Explanations should not become a smokescreen for deception
In our article, we argue that current explanation algorithms cannot meet our expectations in adversarial situations. The main reason is that there are usually many plausible explanations for a decision made by a complex AI system rather than a single, definitive one. In certain cases, it might be possible to explain the decisions of an AI system in simple ways. For the most part, however, the decisions of a complex system remain most of all one thing: complex. Our hunger for truth, for accurate and conclusive answers, will never be satisfied by simplifying explanations.

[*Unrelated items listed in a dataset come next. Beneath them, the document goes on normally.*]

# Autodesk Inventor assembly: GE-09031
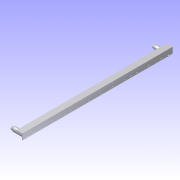
[picture p0: Inventor's stored thumbnail of the model, 180x180]
Saved by Autodesk Inventor 2012 (Build 160160000, 160)
## iProperties
Created: 2008-05-27
Part Number: GE-09031
Description: Top Rail - Corner
Document SubType Name: Assembly
Designer: dfoster
Title: Top Rail - Corner
Author: narosenberg
## Documents named in this file (4)
- C:\Data Folder\FRC 2012 Field\Components\GE-09031.iam
- C:\Data Folder\FRC 2012 Field\Components\GE-09031-01.ipt
- C:\Data Folder\FRC 2012 Field\Components\GE-09031-02.ipt
- C:\Data Folder\FRC 2012 Field\Components\GE-09031-03.ipt
## Components (4 placed, 3 different names)
1. GE-09031-01:1 — Mate:1, Flush:1, Flush:2
2. GE-09031-02:1 — Mate:1, Flush:1, Flush:2
3. GE-09031-03:1
4. GE-09031-03:2
## Relationships (5: Flush 2, Insert 2, Mate 1)
- Mate:1: GE-09031-01:1 ↔ GE-09031-02:1
- Flush:1 (-1.5875 mm): GE-09031-01:1 ↔ GE-09031-02:1
- Flush:2 (-74.6125 mm): GE-09031-01:1 ↔ GE-09031-02:1
- [Insert]: GE-09031-01:1 ↔ GE-09031-03:2
- [Insert]: GE-09031-01:1 ↔ GE-09031-03:1

In cooperative situations explanations may offer useful insights into the functioning of an AI system, whereas in adversarial situations, such explanations may also have undesirable consequences. Indeed, we show that explanations generated by current AI methods depend on many specific details of the AI system: the training data, the precise form of the decision surface, the choice of this or that explanatory algorithm, etc. Programmers and developers of AI are free to choose these parameters, so there is a danger that while a given explanation might sound plausible, it may ultimately serve to make the AI’s decision uncontestable and its developer untouchable. At this point at least, developers of AI are simply not interested in generating explanations that raise doubts about certain aspects of their AI systems. For these reasons, in adversarial situations algorithmic explanations are of no help and may even lead us astray. In the article, we also show that it doesn’t make much sense to test algorithmic explanations for correctness. At best, we can test internal consistency between explanation and prediction, a kind of weak “sincerity”. But more sophisticated deceptions will remain undetected.
Despite these problems with algorithmic explanations, we should not feel entirely helpless. In our article, we discuss various scenarios in which AI systems can be tested. Before implementing such tests, however, we need to reach consensus as a society about what we actually expect from AI. Only then can we decide which applications of an algorithm should be allowed and which ones forbidden. Instead of relying on explanations as an all-encompassing fix, we should be looking for other solutions that could give us what we were originally looking for in our quest for explanations. One possibility might be to return to algorithms that are intrinsically interpretable. But that is another story…
Bordt, S., Finck, M., Raidl, E. & von Luxburg, U. Post-Hoc Explanations Fail to Achieve their Purpose in Adversarial Contexts. 2022 ACM Conference on Fairness, Accountability, and Transparency (FAccT ’22), pp. 891–905.